In reaction to Dobbs, a major lack of modernized, national data privacy regulation, and the growing list of bad actors (Better Health, GoodRx, etc.), states are beginning to take matters into their own hands. Since the beginning of the year, a whopping 289 new bills have been introduced across most U.S. states. Some notable new bills include Virginia & Washington’s My Health My Data Act, and you can bet lobbyists have been active in every corner of these arenas.  

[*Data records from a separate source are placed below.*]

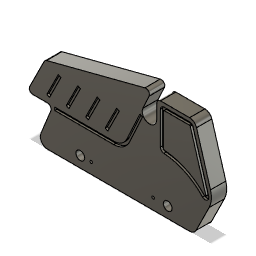
SchubLaster (Autodesk Fusion 360 design; units mm, degrees)
Autodesk Fusion 360 part; units mm, degrees
sketch "Skizze1" plane through (0, 0, 0) normal (0, 0, 1) x (1, 0, 0)
  circle A0 centre (0, 0) radius 4
  circle A1 centre (0, 0) radius 47.5
  circle A2 centre (0, 0) radius 6
  circle A3 centre (0, 0) radius 45
  line L0 (4.2426, 4.2426) -> (31.8198, 31.8198) construction
  line L1 (3.4762, 4.8904) -> (31.1048, 32.5191)
  line L2 (4.8904, 3.4762) -> (32.5191, 31.1048)
  line L3 (0, 6) -> (0, 45) construction
  line L4 (-1, 5.4889) -> (-1, 44.9889)
  line L5 (1, 7.0933) -> (1, 44.9889)
  line L6 (0, 45) -> (21.7929, 23.2071) construction
  line L7 (31.8198, 31.8198) -> (1, 31.8198) construction
  line L8 (1.2695, 44.9821) -> (22.4187, 23.8329)
  line L9 (-1, 44.9889) -> (21.2873, 22.7016)
  line L10 (32.5191, 31.1048) -> (1, 31.1048)
  line L11 (30.9094, 32.7048) -> (1, 32.7048)
  line L12 (13.1802, 31.8198) -> (2.2961, 5.5433) construction
  line L13 (1, 26.0411) -> (17.7067, 19.1209)
  line L14 (1, 23.8763) -> (16.176, 17.5902)
  line L15 (1, 7.0933) -> (1, 5.9161)
  line L16 (-1, 5.4889) -> (-1, 5.9161)
  line L17 (-19.5335, 40.5394) -> (-29.2734, 10.563)
  line L18 (-42.7975, 13.9058) -> (-15.3369, 27.8977) construction
  line L19 (-24.4575, 8.9982) -> (-12.7134, 22.7488)
  line L20 (-26.1895, 22.368) -> (-4.5624, 3.8967) construction
  line L21 (-2.7239, 5.346) -> (-20.4296, 40.0953) construction
  line L22 (-1.7948, 5.7253) -> (-19.5335, 40.5394)
  line L23 (-22.3987, 8.3292) -> (-11.7306, 20.8199)
  line L24 (-21.5526, 39.503) -> (-30.7951, 11.0574)
  line L25 (-6.4371, 3.143) -> (-5.3175, 2.7792)
  line L26 (-3.5769, 4.8173) -> (-21.3155, 39.6314)
  line L27 (-42.3882, 15.1076) -> (-15.7387, 28.6862)
  line L28 (-20.4296, 40.0953) -> (-29.9534, 10.7839) construction
  line L29 (-6.4371, 3.143) -> (-42.478, 14.8534)
  line L30 (-5.7063, 1.8541) -> (-42.7975, 13.9058) construction
  line L31 (-5.5293, 0.7451) -> (-43.096, 12.9513)
  line L32 (-43.096, 12.9513) -> (-15.0123, 27.2606)
  line L33 (-5.5293, 0.7451) -> (-5.9355, 0.8771)
  line L34 (-44.5914, -6.0501) -> (-19.092, -24.5766)
  line L35 (-26.4503, -36.4058) -> (-31.2716, -5.9654) construction
  line L36 (-16.1156, -20.4799) -> (-25.564, -5.0614)
  line L37 (-29.3662, -17.9956) -> (-5.1158, -3.135) construction
  line L38 (-5.9261, -0.9386) -> (-44.446, -7.0396) construction
  line L39 (-5.9997, 0.0622) -> (-44.5914, -6.0501)
  line L40 (-14.8432, -18.7285) -> (-23.4259, -4.7228)
  line L41 (-44.2297, -8.2907) -> (-20.0324, -25.871)
  line L42 (-4.9783, -5.1508) -> (-4.2864, -4.1984)
  line L43 (-5.6868, -1.9132) -> (-44.2786, -8.0255)
  line L44 (-27.4669, -35.6451) -> (-32.1458, -6.1039)
  line L45 (-44.446, -7.0396) -> (-19.5122, -25.155) construction
  line L46 (-4.9783, -5.1508) -> (-27.2528, -35.809)
  line L47 (-3.5267, -4.8541) -> (-26.4503, -36.4058) construction
  line L48 (-2.4173, -5.0284) -> (-25.6348, -36.9846)
  line L49 (-25.6348, -36.9846) -> (-30.5655, -5.8536)
  line L50 (-2.4173, -5.0284) -> (-2.6684, -5.374)
  line L51 (-8.0255, -44.2786) -> (17.4739, -25.7521)
  line L52 (26.4503, -36.4058) -> (-3.99, -31.5845) construction
  line L53 (14.4975, -21.6555) -> (-3.086, -25.8769)
  line L54 (8.0402, -33.4899) -> (1.4007, -5.8342) construction
  line L55 (-0.9386, -5.9261) -> (-7.0396, -44.446) construction
  line L56 (-1.9132, -5.6868) -> (-8.0255, -44.2786)
  line L57 (13.2251, -19.9041) -> (-2.7474, -23.7388)
  line L58 (-5.7828, -44.6269) -> (18.4144, -27.0466)
  line L59 (3.3603, -6.3264) -> (2.6684, -5.374)
  line L60 (0.0622, -5.9997) -> (-6.0501, -44.5914)
  line L61 (25.4127, -37.1375) -> (-4.1285, -32.4586)
  line L62 (-7.0396, -44.446) -> (17.8942, -26.3305) construction
  line L63 (3.3603, -6.3264) -> (25.6348, -36.9846)
  line L64 (3.5267, -4.8541) -> (26.4503, -36.4058) construction
  line L65 (4.0353, -3.8528) -> (27.2528, -35.809)
  line L66 (27.2528, -35.809) -> (-3.8782, -30.8783)
  line L67 (4.0353, -3.8528) -> (4.2864, -4.1984)
  line L68 (39.6314, -21.3155) -> (29.8915, 8.6609)
  line L69 (42.7975, 13.9058) -> (28.8056, -13.5549) construction
  line L70 (25.0756, 7.0961) -> (23.6568, -10.9314)
  line L71 (34.3353, -2.7022) -> (5.9815, -0.4708) construction
  line L72 (5.346, -2.7239) -> (40.0953, -20.4296) construction
  line L73 (4.8173, -3.5769) -> (39.6314, -21.3155)
  line L74 (23.0167, 6.4271) -> (21.7279, -9.9486)
  line L75 (40.6557, -19.2903) -> (31.4132, 9.1553)
  line L76 (7.0551, 1.2409) -> (5.9355, 0.8771)
  line L77 (5.7253, -1.7948) -> (40.5394, -19.5335)
  line L78 (43.1728, 12.6928) -> (29.5942, -13.9567)
  line L79 (40.0953, -20.4296) -> (30.5715, 8.8818) construction
  line L80 (7.0551, 1.2409) -> (43.096, 12.9513)
  line L81 (5.7063, 1.8541) -> (42.7975, 13.9058) construction
  line L82 (4.9112, 2.6472) -> (42.478, 14.8534)
  line L83 (42.478, 14.8534) -> (28.1686, -13.2303)
  line L84 (4.9112, 2.6472) -> (5.3175, 2.7792)
  dimension "d1" = 8
  dimension "d2" = 95
  dimension "d3" = 12
  dimension "d4" = 2.5
  dimension "d6" = 2
  dimension "d7" = 2
  dimension "d9" = 45
  dimension "d10" = 1.6
  dimension "d11" = 1.6
  dimension "d12" = 2
  dimension "d13" = 10
  dimension "d15" = 360
  constraint coincident A0.centre A1.centre
  constraint concentric A0 A3
  constraint coincident A2 L0.start
  constraint coincident A3 L0.end
  constraint coincident A0.centre L0
  constraint coincident A2 L1.start
  constraint coincident A3 L1.end
  constraint coincident A2 L2.start
  constraint coincident A3 L2.end
  constraint parallel L0 L2
  constraint parallel L0 L1
  constraint symmetric L0 L1 L2
  constraint coincident A2 L3.start
  constraint coincident A3 L3.end
  constraint vertical L3
  constraint coincident A0.centre L3
  constraint coincident A3 L4.end
  constraint parallel L3 L4
  constraint coincident A3 L5.end
  constraint parallel L3 L5
  constraint coincident L1 L6.end
  constraint perpendicular L1 L6
  constraint coincident L5 L7.end
  constraint perpendicular L5 L7
  constraint coincident L1 L8.end
  constraint perpendicular L1 L8
  constraint coincident L1 L9.end
  constraint perpendicular L1 L9
  constraint coincident L5 L10.end
  constraint perpendicular L5 L10
  constraint coincident A3 L11.start
  constraint coincident L5 L11.end
  constraint perpendicular L5 L11
  constraint coincident L4.end L9
  constraint coincident L6 L12.start
  constraint coincident L7 L12.start
  constraint coincident A2 L12.end
  constraint coincident A0.centre L12
  constraint midpoint L5 L13.start
  constraint coincident L1 L13.end
  constraint coincident L5 L14.start
  constraint coincident L1 L14.end
  constraint parallel L13 L14
  constraint perpendicular L12 L13
  constraint coincident A2 L15.end
  constraint parallel L5 L15
  constraint coincident A2 L16.end
  constraint parallel L4 L16
  constraint coincident A3 L8.start
  measures "d1" diameter of A0
  measures "d2" diameter of A1
  measures "d3" diameter of A2
  measures "d4" distance of A1 A3
  measures "d6" distance of L1 L2
  measures "d7" distance of L4 L5
  measures "d9" angle of L1 L5
  measures "d10" distance of L10 L11
  measures "d11" distance of L8 L9
  measures "d12" distance of L13 L14
  measures "d13" distance of L12.start L13
extrude "Extrusion1" add sketch "Skizze1" along normal blind 20 contours A1 | A2 | A2 L76 L80 L82 L83 | A2 L68 L73 L77 | L70 L74 L77 L80 | A2 L1 L2 L10 | A3 L80 L83 | A2 L59 L63 L65 L66 | A3 L68 L77 | A3 L1 L10 | A3 L75 L78 L80 L83 | A3 L63 L66 | A3 L68 L75 L77 L78 | L68 L77 L78 L83 | A2 L4 L5 L9 L15 | L1 L5 L13 L14 | A3 L1 L8 L10 L11 | L68 L75 L80 L83 | L68 L75 L78 L83 | A2 L51 L56 L60 | A3 L58 L61 L63 L66 | L1 L8 L9 L10 | L8 L9 L10 L11 | L53 L57 L60 L63 | L51 L58 L63 L66 | L51 L58 L61 L66 | A2 L17 L22 L26 | A3 L5 L9 | A3 L5 L8 L9 L11 | L5 L9 L10 L11 | A2 L42 L46 L48 L49 | A3 L51 L60 | A3 L51 L58 L60 L61 | L51 L60 L61 L66 | A3 L17 L26 | A3 L46 L49 | A2 L25 L29 L31 L32 | L19 L23 L26 L29 | A3 L17 L24 L26 L27 | A2 L34 L39 L43 | A3 L41 L44 L46 L49 | L17 L26 L27 L32 | L17 L24 L27 L32 | L36 L40 L43 L46 | L34 L41 L46 L49 | L34 L41 L44 L49 | A3 L29 L32 | A3 L24 L27 L29 L32 | L17 L24 L29 L32 | A3 L34 L43 | A3 L34 L41 L43 L44 | L34 L43 L44 L49 makes body 1
copy_body "Körper->Berechn1" bodies 1 removing the originals makes body 2 in component "Component"
sketch "Skizze2" plane through (0, 0, 0) normal (0, 1, 0) x (1, 0, 0)
  circle A0 centre (250, 0) radius 42.5
  dimension "d27" = 85
  measures "d27" diameter of A0
sketch "Skizze1 (2)" plane through (0, 0, 0) normal (0, 0, 1) x (1, 0, 0) in component "Component'"
  circle A0 centre (0, 0) radius 6
  circle A1 centre (-120, 0) radius 6
  line L0 (-165, -15) -> (30, -15)
  arc A2 (30, -15) -> (38.9581, -9.4444) centre (30, -5) ccw
  line L1 (38.9581, -9.4444) -> (56.8742, 26.6667)
  arc A3 (56.8742, 26.6667) -> (58.7494, 48.5714) centre (30, 40) ccw
  line L2 (58.7494, 48.5714) -> (39.5831, 112.8571)
  arc A4 (39.5831, 112.8571) -> (30, 120) centre (30, 110) ccw
  line L3 (30, 120) -> (-10, 120)
  arc A5 (-10, 120) -> (-15, 115) centre (-10, 115) ccw
  line L4 (-15, 115) -> (-15, 95)
  arc A6 (-34.0829, 99.1834) -> (-15, 95) centre (-25, 95) ccw
  line L5 (-34.0829, 99.1834) -> (-25.4586, 117.9083)
  arc A7 (-25.4586, 117.9083) -> (-31.2548, 124.84) centre (-30, 120) ccw
  line L6 (-31.2548, 124.84) -> (-166.2548, 89.84)
  arc A8 (-166.2548, 89.84) -> (-169.4721, 87.2361) centre (-165, 85) ccw
  line L7 (-169.4721, 87.2361) -> (-189.4721, 47.2361)
  arc A9 (-189.4721, 47.2361) -> (-185, 40) centre (-185, 45) ccw
  line L8 (-185, 40) -> (-165, 40)
  arc A10 (-160.3649, 33.125) -> (-165, 40) centre (-165, 35) ccw
  line L9 (-160.3649, 33.125) -> (-174.2702, -1.25)
  arc A11 (-174.2702, -1.25) -> (-165, -15) centre (-165, -5) ccw
  dimension "d133" = 12
  dimension "d134" = 120
  dimension "d135" = 15
  dimension "d136" = 45
  dimension "d137" = 30
  dimension "d138" = 30
  dimension "d139" = 40
  dimension "d140" = 10
  dimension "d141" = 5
  dimension "d142" = 30
  dimension "d143" = 80
  dimension "d144" = 20
  dimension "d145" = 10
  dimension "d146" = 25
  dimension "d147" = 20
  dimension "d148" = 40
  dimension "d149" = 20
  dimension "d150" = 40
  constraint coincident A0.centre origin
  constraint equal A0 A1
  constraint horizontal A0.centre A1.centre
  constraint horizontal L0
  constraint tangent L0 A2
  constraint tangent L1 A3
  constraint tangent A3 L2
  constraint tangent L2 A4
  constraint horizontal L3
  constraint tangent L3 A5
  constraint perpendicular L3 L4
  constraint tangent L4 A6
  constraint tangent L5 A7
  constraint tangent L6 A8
  constraint tangent A8 L7
  constraint tangent L7 A9
  constraint horizontal L8
  constraint tangent L8 A10
  constraint tangent L9 A11
  constraint tangent A4 L3
  constraint tangent A2 L1
  constraint tangent L0 A11
  constraint tangent A10 L9
  constraint tangent A9 L8
  constraint tangent A7 L6
  constraint tangent A6 L5
  constraint tangent A5 L4
  constraint equal A2 A11
  constraint equal A9 A10
  constraint equal A8 A10
  constraint equal A7 A10
  constraint equal A2 A6
  constraint equal A5 A10
  constraint equal A2 A4
  constraint vertical A2.centre A4.centre
  constraint vertical A10.centre A11.centre
  constraint vertical A8.centre A10.centre
  measures "d133" diameter of A0
  measures "d134" distance of A0.centre A1.centre
  measures "d135" distance of A0.centre L0
  measures "d136" horizontal distance of A1.centre A11.centre
  measures "d137" horizontal distance of A0.centre A2.centre
  measures "d138" radius of A3
  measures "d139" vertical distance of A0.centre A3.centre
  measures "d140" radius of A2
  measures "d141" radius of A10
  measures "d142" horizontal distance of A0.centre A3.centre
  measures "d143" distance of A3.centre L3
  measures "d144" distance of A5.end L4.end
  measures "d145" horizontal distance of A0.centre A5.centre
  measures "d146" vertical distance of A6.centre A7.centre
  measures "d147" horizontal distance of A5.centre A7.centre
  measures "d148" distance of A10.centre A11.centre
  measures "d149" horizontal distance of A9.centre A10.centre
  measures "d150" vertical distance of A8.centre A9.centre
extrude "Extrusion1'" add sketch "Skizze1 (2)" along normal blind 21 separate body makes body 3 in component "Component'"
sketch "Skizze2 (2)" plane through (0, 0, 0) normal (0, 0, -1) x (-1, 0, 0) in component "Component'"
  circle A0 centre (0, 0) radius 6
  circle A1 centre (120, 0) radius 6
  line L0 (174.2702, -1.25) -> (160.3649, 33.125)
  arc A2 (165, 40) -> (160.3649, 33.125) centre (165, 35) ccw
  line L1 (165, 40) -> (185, 40)
  arc A3 (185, 40) -> (189.4721, 47.2361) centre (185, 45) ccw
  line L2 (189.4721, 47.2361) -> (169.4721, 87.2361)
  arc A4 (169.4721, 87.2361) -> (166.2548, 89.84) centre (165, 85) ccw
  line L3 (166.2548, 89.84) -> (31.2548, 124.84)
  arc A5 (31.2548, 124.84) -> (25.4586, 117.9083) centre (30, 120) ccw
  line L4 (25.4586, 117.9083) -> (34.0829, 99.1834)
  arc A6 (15, 95) -> (34.0829, 99.1834) centre (25, 95) ccw
  line L5 (15, 95) -> (15, 115)
  arc A7 (15, 115) -> (10, 120) centre (10, 115) ccw
  line L6 (10, 120) -> (-30, 120)
  arc A8 (-30, 120) -> (-39.5831, 112.8571) centre (-30, 110) ccw
  line L7 (-39.5831, 112.8571) -> (-58.7494, 48.5714)
  arc A9 (-58.7494, 48.5714) -> (-56.8742, 26.6667) centre (-30, 40) ccw
  line L8 (-56.8742, 26.6667) -> (-38.9581, -9.4444)
  arc A10 (-38.9581, -9.4444) -> (-30, -15) centre (-30, -5) ccw
  line L9 (-30, -15) -> (165, -15)
  arc A11 (165, -15) -> (174.2702, -1.25) centre (165, -5) ccw
  line L10 (185, 40) -> (74.1495, 40)
  arc A12 (55.9837, 51.6332) -> (74.1495, 40) centre (74.1495, 60) ccw
  line L11 (55.9837, 51.6332) -> (34.0829, 99.1834)
  line L12 (185, 36) -> (74.1495, 36)
  arc A13 (52.3505, 49.9598) -> (74.1495, 36) centre (74.1495, 60) ccw
  line L13 (52.3506, 49.9598) -> (30.4497, 97.5101)
  line L14 (150.1826, 81.0938) -> (165.8351, 49.7889)
  line L15 (165.8351, 49.7889) -> (162.2574, 48)
  line L16 (162.2574, 48) -> (146.6049, 79.305)
  line L17 (146.6049, 79.305) -> (150.1826, 81.0938)
  line L18 (135.5907, 48) -> (119.9382, 79.305)
  line L19 (119.9382, 79.305) -> (123.5159, 81.0938)
  line L20 (139.1684, 49.7889) -> (135.5907, 48)
  line L21 (123.5159, 81.0938) -> (139.1684, 49.7889)
  line L22 (108.924, 48) -> (93.2715, 79.305)
  line L23 (93.2715, 79.305) -> (96.8493, 81.0938)
  line L24 (112.5017, 49.7889) -> (108.924, 48)
  line L25 (96.8493, 81.0938) -> (112.5017, 49.7889)
  line L26 (82.2574, 48) -> (66.6049, 79.305)
  line L27 (66.6049, 79.305) -> (70.1826, 81.0938)
  line L28 (85.8351, 49.7889) -> (82.2574, 48)
  line L29 (70.1826, 81.0938) -> (85.8351, 49.7889)
  line L30 (5, 115) -> (-30, 115)
  arc A14 (-30, 115) -> (-34.7916, 111.4286) centre (-30, 110) ccw
  line L31 (-34.7916, 111.4286) -> (-56.2082, 39.5951)
  arc A15 (-56.2082, 39.5951) -> (-55.8956, 35.9443) centre (-51.4166, 38.1665) ccw
  line L32 (-55.8956, 35.9443) -> (-55.8702, 35.893)
  arc A16 (-55.8702, 35.893) -> (-47.7314, 34.7084) centre (-51.3911, 38.1152) ccw
  arc A17 (5.3426, 60.0118) -> (-47.7314, 34.7084) centre (10.8246, -19.8002) ccw
  arc A18 (5.3426, 60.0118) -> (10, 65) centre (5, 65) ccw
  line L33 (10, 65) -> (10, 110)
  arc A19 (10, 110) -> (5, 115) centre (5, 110) ccw
  line L34 (34.6332, 88.4272) -> (38.2663, 90.1005)
  line L35 (155, 36) -> (155, 40)
  line L36 (5, 111) -> (-30, 111)
  arc A20 (-30, 111) -> (-30.9583, 110.2857) centre (-30, 110) ccw
  line L37 (-30.9583, 110.2857) -> (-52.3749, 38.4523)
  arc A21 (-52.3749, 38.4523) -> (-52.3124, 37.7221) centre (-51.4166, 38.1665) ccw
  line L38 (-52.3124, 37.7221) -> (-52.287, 37.6708)
  arc A22 (-52.287, 37.6708) -> (-50.6592, 37.4339) centre (-51.3911, 38.1152) ccw
  arc A23 (5.0685, 64.0024) -> (-50.6592, 37.4339) centre (10.8246, -19.8002) ccw
  arc A24 (5.0685, 64.0024) -> (6, 65) centre (5, 65) ccw
  line L39 (6, 65) -> (6, 110)
  arc A25 (6, 110) -> (5, 111) centre (5, 110) ccw
  dimension "d153" = 20
  dimension "d154" = -4
  dimension "d155" = 20
  dimension "d156" = 4
  dimension "d157" = 8
  dimension "d158" = 35
  dimension "d161" = -80
  dimension "d162" = 0
  dimension "d164" = 5
  dimension "d165" = 5
  dimension "d166" = 5
  dimension "d167" = 5
  dimension "d168" = 5
  dimension "d171" = 45
  dimension "d172" = 75
  dimension "d173" = -4
  dimension "d174" = 10
  dimension "d175" = 30
  dimension "d181" = 5
  dimension "d182" = 80
  constraint coincident L1.end A3.start
  constraint tangent L10 A12
  constraint coincident L4.end A6.end
  constraint tangent A12 L11
  constraint collinear L4 L11
  constraint collinear L1 L10
  constraint perpendicular L14 L15
  constraint perpendicular L15 L16
  constraint parallel L2 L14
  constraint perpendicular L14 L17
  constraint perpendicular L5 L30
  constraint tangent L30 A14
  constraint tangent L31 A15
  constraint tangent L32 A16
  constraint tangent A16 A17
  constraint tangent A17 A18
  constraint vertical L33
  constraint tangent L33 A19
  constraint tangent A14 L31
  constraint tangent A15 L32
  constraint tangent A18 L33
  constraint tangent L30 A19
  constraint parallel L7 L31
  constraint parallel L8 L32
  constraint equal A14 A16
  constraint equal A16 A18
  constraint equal A14 A19
  constraint coincident L13 L34.start
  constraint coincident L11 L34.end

We are in the middle of a war between big tech and consumer data privacy rights. The big question is: “Do you, the consumer, have the right to control, access, and own your data?” The answer will certainly not be as simple as ‘yes’.   

In Conclusion…

One thing I saw clearly while in DC is the power of the corporation in the United States. While there are both good and bad attributes to capitalism, where the dollar can be stronger than what may be deemed ‘right’, the effectiveness of corporate interests is profound. The United States needs a comprehensive privacy framework. It’s borderline embarrassing that we don’t have one. Federal policymakers are stuck in gridlock, budgetary restrictions and voting stalemates and so states have begun picking up where the federal government can’t win.  

Without a federal data privacy framework, large corporations will continue to lobby for corporate interests and will win small battles with large implications. They will argue for loopholes citing privacy concerns while simultaneously obfuscating the reasons why they have those concerns in the first place.  

Where bleakness is abundant, there is some light.  Just recently, the Ways and Means Committee started down a path of antitrust investigation via the FTC into another highly consolidated area of healthcare: PBMs.  A hearing on 5/17 was held called, ‘Health Subcommittee Hearing on Why Healthcare is Unaffordable: Anticompetitive and Consolidated Markets’.  You can view the video here.  

And without a way to legally protect patient data & enforce those rules, corporations will continue to exploit it. At Particle, we are working on the front lines– by building technology for patients to control their data and at the policy level, by participating in working groups for standards bodies + frameworks and by reaching out (sometimes on deaf ears) to policymakers and federal agencies. This is a hard fight, but every inch forward is progress. One day, patients will be able to easily access, share and control their healthcare data and we hope to play a role in that vision.